# Space Wolf Armour



## Riga (Feb 2, 2012)

I was wondering if Space Wolves have access to the Mk VIII Errant Armour as I've yet to see any depictions anywhere.
I know they have the MK XII Lupio Pattern/Runic Armour and the Mk VIII is generally issued to Company Champions / Officers ( according to how it looks like in Imperial Armour - Badab War you know...with the double shoulder guards and gorget ) which the wolves tend to field in Terminator Armour as part of the Wolf Guard. Maybe they get the Runic instead. So, any thoughts?


----------



## Tensiu (Aug 15, 2009)

Runic armours are basically Power Armours modified by Rune Priests, so why not Mk. VIII Runic Armour? I say, it's fine.


----------



## Riga (Feb 2, 2012)

Oh man...I'm seeing it!That would look sweet!


----------



## Agarwaen (Oct 8, 2011)

give it a go dude, be creative, its your army after all.


----------



## The_Werewolf_Arngeirr (Apr 3, 2012)

this isnt warmachine, you have alot of wiggle room fluff wise to model how you want, go for it!


----------



## TheReverend (Dec 2, 2007)

Of course they can have Mk8 armour, they are the Emperor's executioners so they'd have the finest battle gear. I have a couple of wolf guard in my SW army with Mk8 and they look great.


----------



## Dead.Blue.Clown (Nov 27, 2009)

TheReverend said:


> Of course they can have Mk8 armour, they are the Emperor's executioners so they'd have the finest battle gear. I have a couple of wolf guard in my SW army with Mk8 and they look great.
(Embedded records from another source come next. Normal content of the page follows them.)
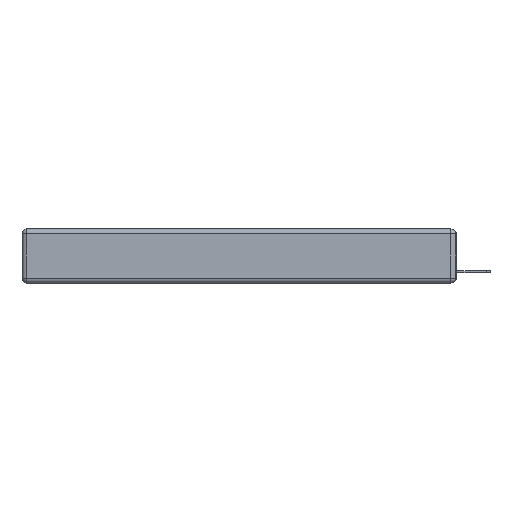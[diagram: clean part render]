
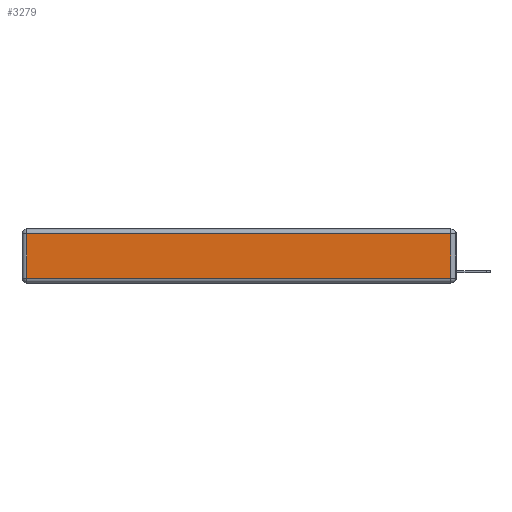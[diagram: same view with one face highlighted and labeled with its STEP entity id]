
A CAD part, left-side view. The second image highlights one B-rep face of the part: STEP entity #3279.
In plain terms, the highlighted planar face has unit normal (-1, 0, 0).
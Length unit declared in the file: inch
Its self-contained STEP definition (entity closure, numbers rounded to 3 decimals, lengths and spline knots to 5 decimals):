
#7 = CARTESIAN_POINT ( 'NONE',  ( 0., 0., -0.343 ) ) ;
#9 = LINE ( 'NONE', #15869, #1159 ) ;
#1159 = VECTOR ( 'NONE', #9673, 39.37008 ) ;
#1771 = LINE ( 'NONE', #9990, #14511 ) ;
#2021 = EDGE_CURVE ( 'NONE', #5865, #13587, #1771, .T. ) ;
#2378 = EDGE_CURVE ( 'NONE', #12776, #5865, #9, .T. ) ;
#2443 = DIRECTION ( 'NONE',  ( 0., 0., 1. ) ) ;
#3159 = ORIENTED_EDGE ( 'NONE', *, *, #2378, .T. ) ;
#3279 = ADVANCED_FACE ( 'NONE', ( #13522 ), #14690, .T. ) ;
#3417 = CARTESIAN_POINT ( 'NONE',  ( 0., 0.03, -0.313 ) ) ;
#3663 = CARTESIAN_POINT ( 'NONE',  ( 0., 2.72, -0.343 ) ) ;
#4094 = ORIENTED_EDGE ( 'NONE', *, *, #2021, .T. ) ;
#5060 = DIRECTION ( 'NONE',  ( -1., 0., 0. ) ) ;
#5282 = VECTOR ( 'NONE', #14699, 39.37008 ) ;
#5865 = VERTEX_POINT ( 'NONE', #6578 ) ;
#6578 = CARTESIAN_POINT ( 'NONE',  ( 0., 0.03, -0.03 ) ) ;
#6606 = VECTOR ( 'NONE', #10879, 39.37008 ) ;
#7480 = ORIENTED_EDGE ( 'NONE', *, *, #15864, .T. ) ;
#7553 = LINE ( 'NONE', #12216, #6606 ) ;
#9537 = AXIS2_PLACEMENT_3D ( 'NONE', #7, #5060, #2443 ) ;
#9673 = DIRECTION ( 'NONE',  ( 0., 0., 1. ) ) ;
#9675 = LINE ( 'NONE', #3663, #5282 ) ;
#9990 = CARTESIAN_POINT ( 'NONE',  ( 0., 2.75, -0.03 ) ) ;
#10055 = DIRECTION ( 'NONE',  ( 0., 1., 0. ) ) ;
#10105 = ORIENTED_EDGE ( 'NONE', *, *, #14076, .T. ) ;
#10626 = VERTEX_POINT ( 'NONE', #15930 ) ;
#10879 = DIRECTION ( 'NONE',  ( 0., -1., 0. ) ) ;
#12216 = CARTESIAN_POINT ( 'NONE',  ( 0., 0., -0.313 ) ) ;
#12685 = CARTESIAN_POINT ( 'NONE',  ( 0., 2.72, -0.03 ) ) ;
#12776 = VERTEX_POINT ( 'NONE', #3417 ) ;
#13522 = FACE_OUTER_BOUND ( 'NONE', #13794, .T. ) ;
#13587 = VERTEX_POINT ( 'NONE', #12685 ) ;
#13794 = EDGE_LOOP ( 'NONE', ( #7480, #3159, #4094, #10105 ) ) ;
#14076 = EDGE_CURVE ( 'NONE', #13587, #10626, #9675, .T. ) ;
#14511 = VECTOR ( 'NONE', #10055, 39.37008 ) ;
#14690 = PLANE ( 'NONE',  #9537 ) ;
#14699 = DIRECTION ( 'NONE',  ( 0., 0., -1. ) ) ;
#15864 = EDGE_CURVE ( 'NONE', #10626, #12776, #7553, .T. ) ;
#15869 = CARTESIAN_POINT ( 'NONE',  ( 0., 0.03, -0.343 ) ) ;
#15930 = CARTESIAN_POINT ( 'NONE',  ( 0., 2.72, -0.313 ) ) ;
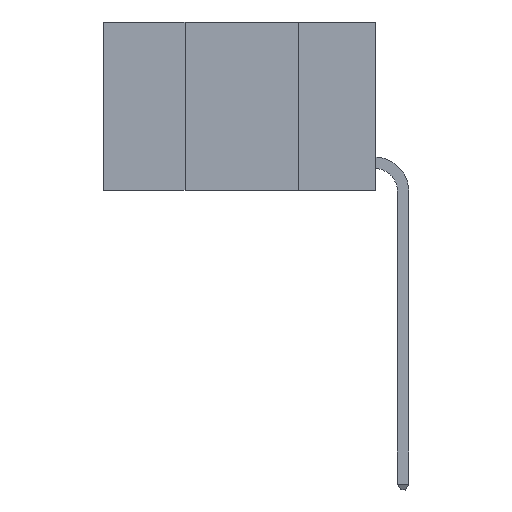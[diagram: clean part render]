
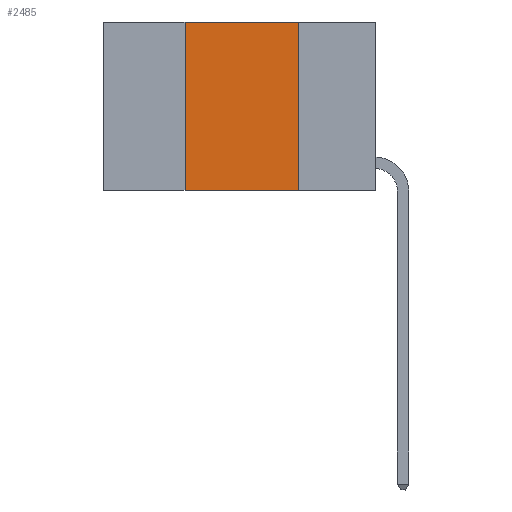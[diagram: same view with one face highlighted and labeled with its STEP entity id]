
A CAD part, left-side view. The second image highlights one B-rep face of the part: STEP entity #2485.
In plain terms, the highlighted planar face has unit normal (-1, 0, 0).
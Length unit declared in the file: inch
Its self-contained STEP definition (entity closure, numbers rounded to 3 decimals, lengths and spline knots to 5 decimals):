
#987 = CARTESIAN_POINT ( 'NONE',  ( 0., 0.17, -0.37 ) ) ;
#1055 = VECTOR ( 'NONE', #12782, 39.37008 ) ;
#1825 = VECTOR ( 'NONE', #15716, 39.37008 ) ;
#1871 = ORIENTED_EDGE ( 'NONE', *, *, #16957, .F. ) ;
#2351 = CARTESIAN_POINT ( 'NONE',  ( 0., 0.6, 0. ) ) ;
#2485 = ADVANCED_FACE ( 'NONE', ( #9381 ), #16547, .F. ) ;
#2512 = CARTESIAN_POINT ( 'NONE',  ( 0., 0.17, 0. ) ) ;
#2572 = DIRECTION ( 'NONE',  ( 1., 0., 0. ) ) ;
#3241 = VERTEX_POINT ( 'NONE', #987 ) ;
#3839 = CARTESIAN_POINT ( 'NONE',  ( 0., 0.17, 0. ) ) ;
#5524 = CARTESIAN_POINT ( 'NONE',  ( 0., 0.42, 0. ) ) ;
#5633 = AXIS2_PLACEMENT_3D ( 'NONE', #7237, #2572, #13992 ) ;
#6067 = VECTOR ( 'NONE', #10739, 39.37008 ) ;
#6279 = CARTESIAN_POINT ( 'NONE',  ( 0., 0.6, -0.37 ) ) ;
#6285 = EDGE_CURVE ( 'NONE', #12308, #12933, #16169, .T. ) ;
#7237 = CARTESIAN_POINT ( 'NONE',  ( 0., 0.6, 0. ) ) ;
#8499 = EDGE_CURVE ( 'NONE', #12933, #3241, #12911, .T. ) ;
#9381 = FACE_OUTER_BOUND ( 'NONE', #9620, .T. ) ;
#9620 = EDGE_LOOP ( 'NONE', ( #17102, #14559, #1871, #10670 ) ) ;
#10670 = ORIENTED_EDGE ( 'NONE', *, *, #11975, .T. ) ;
#10739 = DIRECTION ( 'NONE',  ( 0., -1., 0. ) ) ;
#11325 = CARTESIAN_POINT ( 'NONE',  ( 0., 0.42, 0. ) ) ;
#11850 = CARTESIAN_POINT ( 'NONE',  ( 0., 0.42, -0.37 ) ) ;
#11975 = EDGE_CURVE ( 'NONE', #13142, #3241, #17704, .T. ) ;
#12308 = VERTEX_POINT ( 'NONE', #5524 ) ;
#12316 = VECTOR ( 'NONE', #14210, 39.37008 ) ;
#12782 = DIRECTION ( 'NONE',  ( 0., 0., -1. ) ) ;
#12911 = LINE ( 'NONE', #3839, #1055 ) ;
#12933 = VERTEX_POINT ( 'NONE', #2512 ) ;
#13142 = VERTEX_POINT ( 'NONE', #11850 ) ;
#13992 = DIRECTION ( 'NONE',  ( 0., 0., -1. ) ) ;
#14210 = DIRECTION ( 'NONE',  ( 0., -1., 0. ) ) ;
#14559 = ORIENTED_EDGE ( 'NONE', *, *, #6285, .F. ) ;
#15716 = DIRECTION ( 'NONE',  ( 0., 0., 1. ) ) ;
#16169 = LINE ( 'NONE', #2351, #12316 ) ;
#16547 = PLANE ( 'NONE',  #5633 ) ;
#16608 = LINE ( 'NONE', #11325, #1825 ) ;
#16957 = EDGE_CURVE ( 'NONE', #13142, #12308, #16608, .T. ) ;
#17102 = ORIENTED_EDGE ( 'NONE', *, *, #8499, .F. ) ;
#17704 = LINE ( 'NONE', #6279, #6067 ) ;
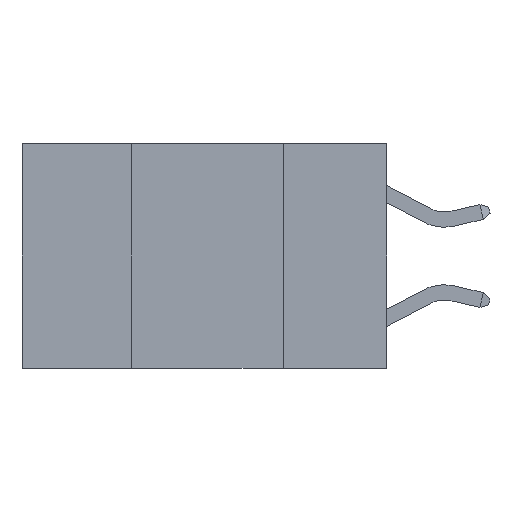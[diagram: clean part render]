
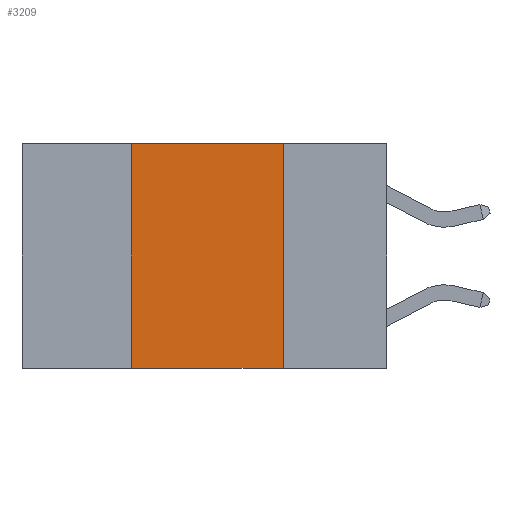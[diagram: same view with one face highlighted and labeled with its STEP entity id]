
A CAD part, left-side view. The second image highlights one B-rep face of the part: STEP entity #3209.
In plain terms, the highlighted planar face has unit normal (-1, 0, 0).
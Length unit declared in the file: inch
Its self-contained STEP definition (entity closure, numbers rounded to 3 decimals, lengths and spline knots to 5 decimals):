
#178 = LINE ( 'NONE', #4160, #14691 ) ;
#516 = EDGE_CURVE ( 'NONE', #11932, #4437, #6694, .T. ) ;
#741 = CARTESIAN_POINT ( 'NONE',  ( 0., 0.17, 0. ) ) ;
#879 = LINE ( 'NONE', #4568, #3562 ) ;
#1176 = CARTESIAN_POINT ( 'NONE',  ( 0., 0.42, 0. ) ) ;
#2120 = DIRECTION ( 'NONE',  ( 0., -1., 0. ) ) ;
#2227 = EDGE_CURVE ( 'NONE', #11945, #11932, #8086, .T. ) ;
#2247 = EDGE_CURVE ( 'NONE', #4437, #12415, #879, .T. ) ;
#2330 = EDGE_CURVE ( 'NONE', #11945, #12415, #178, .T. ) ;
#2618 = DIRECTION ( 'NONE',  ( 0., 0., 1. ) ) ;
#3209 = ADVANCED_FACE ( 'NONE', ( #7870 ), #11098, .F. ) ;
#3328 = CARTESIAN_POINT ( 'NONE',  ( 0., 0.17, -0.37 ) ) ;
#3562 = VECTOR ( 'NONE', #4903, 39.37008 ) ;
#4160 = CARTESIAN_POINT ( 'NONE',  ( 0., 0.6, -0.37 ) ) ;
#4239 = DIRECTION ( 'NONE',  ( 1., 0., 0. ) ) ;
#4437 = VERTEX_POINT ( 'NONE', #741 ) ;
#4568 = CARTESIAN_POINT ( 'NONE',  ( 0., 0.17, 0. ) ) ;
#4903 = DIRECTION ( 'NONE',  ( 0., 0., -1. ) ) ;
#4914 = ORIENTED_EDGE ( 'NONE', *, *, #2330, .T. ) ;
#6694 = LINE ( 'NONE', #12723, #9384 ) ;
#7870 = FACE_OUTER_BOUND ( 'NONE', #8855, .T. ) ;
#7889 = CARTESIAN_POINT ( 'NONE',  ( 0., 0.42, 0. ) ) ;
#8086 = LINE ( 'NONE', #7889, #10042 ) ;
#8855 = EDGE_LOOP ( 'NONE', ( #9961, #10309, #13708, #4914 ) ) ;
#9129 = DIRECTION ( 'NONE',  ( 0., -1., 0. ) ) ;
#9384 = VECTOR ( 'NONE', #9129, 39.37008 ) ;
#9961 = ORIENTED_EDGE ( 'NONE', *, *, #2247, .F. ) ;
#10042 = VECTOR ( 'NONE', #2618, 39.37008 ) ;
#10309 = ORIENTED_EDGE ( 'NONE', *, *, #516, .F. ) ;
#10359 = CARTESIAN_POINT ( 'NONE',  ( 0., 0.42, -0.37 ) ) ;
#11098 = PLANE ( 'NONE',  #13972 ) ;
#11932 = VERTEX_POINT ( 'NONE', #1176 ) ;
#11945 = VERTEX_POINT ( 'NONE', #10359 ) ;
#12248 = DIRECTION ( 'NONE',  ( 0., 0., -1. ) ) ;
#12415 = VERTEX_POINT ( 'NONE', #3328 ) ;
#12723 = CARTESIAN_POINT ( 'NONE',  ( 0., 0.6, 0. ) ) ;
#13708 = ORIENTED_EDGE ( 'NONE', *, *, #2227, .F. ) ;
#13972 = AXIS2_PLACEMENT_3D ( 'NONE', #14510, #4239, #12248 ) ;
#14510 = CARTESIAN_POINT ( 'NONE',  ( 0., 0.6, 0. ) ) ;
#14691 = VECTOR ( 'NONE', #2120, 39.37008 ) ;
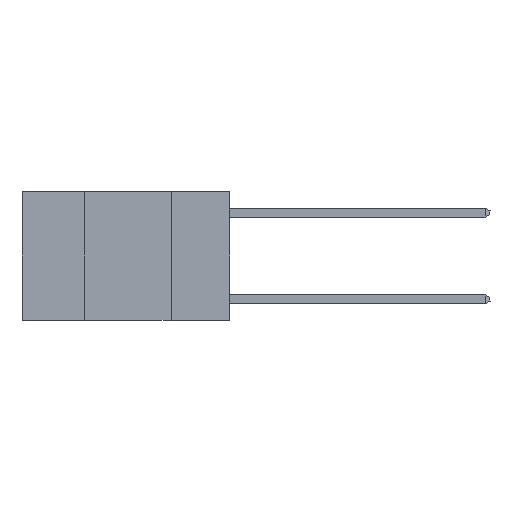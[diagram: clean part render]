
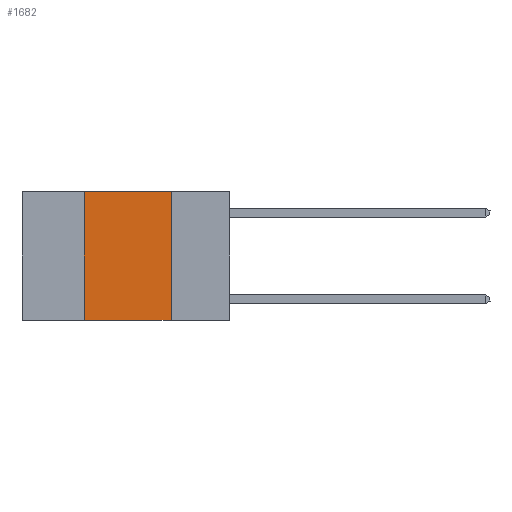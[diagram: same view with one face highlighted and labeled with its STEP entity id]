
A CAD part, left-side view. The second image highlights one B-rep face of the part: STEP entity #1682.
In plain terms, the highlighted planar face has unit normal (-1, 0, 0).
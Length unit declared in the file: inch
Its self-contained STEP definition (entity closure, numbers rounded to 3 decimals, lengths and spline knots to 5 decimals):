
#113 = ORIENTED_EDGE ( 'NONE', *, *, #25029, .T. ) ;
#257 = EDGE_CURVE ( 'NONE', #1028, #27866, #5412, .T. ) ;
#820 = CARTESIAN_POINT ( 'NONE',  ( 0., 0.17, 0. ) ) ;
#1028 = VERTEX_POINT ( 'NONE', #1640 ) ;
#1640 = CARTESIAN_POINT ( 'NONE',  ( 0., 0.42, -0.37 ) ) ;
#1682 = ADVANCED_FACE ( 'NONE', ( #3569 ), #8318, .F. ) ;
#3569 = FACE_OUTER_BOUND ( 'NONE', #22693, .T. ) ;
#3628 = VECTOR ( 'NONE', #30144, 39.37008 ) ;
#3717 = AXIS2_PLACEMENT_3D ( 'NONE', #7721, #24464, #15212 ) ;
#4538 = VECTOR ( 'NONE', #22201, 39.37008 ) ;
#5412 = LINE ( 'NONE', #8015, #26177 ) ;
#5805 = CARTESIAN_POINT ( 'NONE',  ( 0., 0.42, 0. ) ) ;
#6635 = LINE ( 'NONE', #7084, #3628 ) ;
#7084 = CARTESIAN_POINT ( 'NONE',  ( 0., 0.6, 0. ) ) ;
#7721 = CARTESIAN_POINT ( 'NONE',  ( 0., 0.6, 0. ) ) ;
#8015 = CARTESIAN_POINT ( 'NONE',  ( 0., 0.42, 0. ) ) ;
#8318 = PLANE ( 'NONE',  #3717 ) ;
#8790 = EDGE_CURVE ( 'NONE', #11172, #12930, #19701, .T. ) ;
#9126 = CARTESIAN_POINT ( 'NONE',  ( 0., 0.17, -0.37 ) ) ;
#9380 = ORIENTED_EDGE ( 'NONE', *, *, #8790, .F. ) ;
#10951 = ORIENTED_EDGE ( 'NONE', *, *, #27145, .F. ) ;
#11172 = VERTEX_POINT ( 'NONE', #20238 ) ;
#12930 = VERTEX_POINT ( 'NONE', #9126 ) ;
#14759 = DIRECTION ( 'NONE',  ( 0., 0., 1. ) ) ;
#15212 = DIRECTION ( 'NONE',  ( 0., 0., -1. ) ) ;
#16841 = VECTOR ( 'NONE', #19847, 39.37008 ) ;
#17877 = CARTESIAN_POINT ( 'NONE',  ( 0., 0.6, -0.37 ) ) ;
#19701 = LINE ( 'NONE', #820, #16841 ) ;
#19847 = DIRECTION ( 'NONE',  ( 0., 0., -1. ) ) ;
#20238 = CARTESIAN_POINT ( 'NONE',  ( 0., 0.17, 0. ) ) ;
#22201 = DIRECTION ( 'NONE',  ( 0., -1., 0. ) ) ;
#22693 = EDGE_LOOP ( 'NONE', ( #9380, #10951, #25910, #113 ) ) ;
#24464 = DIRECTION ( 'NONE',  ( 1., 0., 0. ) ) ;
#25029 = EDGE_CURVE ( 'NONE', #1028, #12930, #27448, .T. ) ;
#25910 = ORIENTED_EDGE ( 'NONE', *, *, #257, .F. ) ;
#26177 = VECTOR ( 'NONE', #14759, 39.37008 ) ;
#27145 = EDGE_CURVE ( 'NONE', #27866, #11172, #6635, .T. ) ;
#27448 = LINE ( 'NONE', #17877, #4538 ) ;
#27866 = VERTEX_POINT ( 'NONE', #5805 ) ;
#30144 = DIRECTION ( 'NONE',  ( 0., -1., 0. ) ) ;

They're no better equipped than any other well-equipped First Founding Chapter, and aren't the Emperor's "executioners" in 40K. It's not even certain they were officially sanctioned in 30K.


----------



## TheReverend (Dec 2, 2007)

Dead.Blue.Clown said:


> They're no better equipped than any other well-equipped First Founding Chapter, and aren't the Emperor's "executioners" in 40K. It's not even certain they were officially sanctioned in 30K.


On that note, I have been reading Fear to Tread and wondered if the reason the SW's were allowed to keep their Rune Priests while all other librarians were disbanded was so they had an additional weapon that no other legion had? Any views?


----------



## Child-of-the-Emperor (Feb 22, 2009)

TheReverend said:


> On that note, I have been reading Fear to Tread and wondered if the reason the SW's were allowed to keep their Rune Priests while all other librarians were disbanded was so they had an additional weapon that no other legion had? Any views?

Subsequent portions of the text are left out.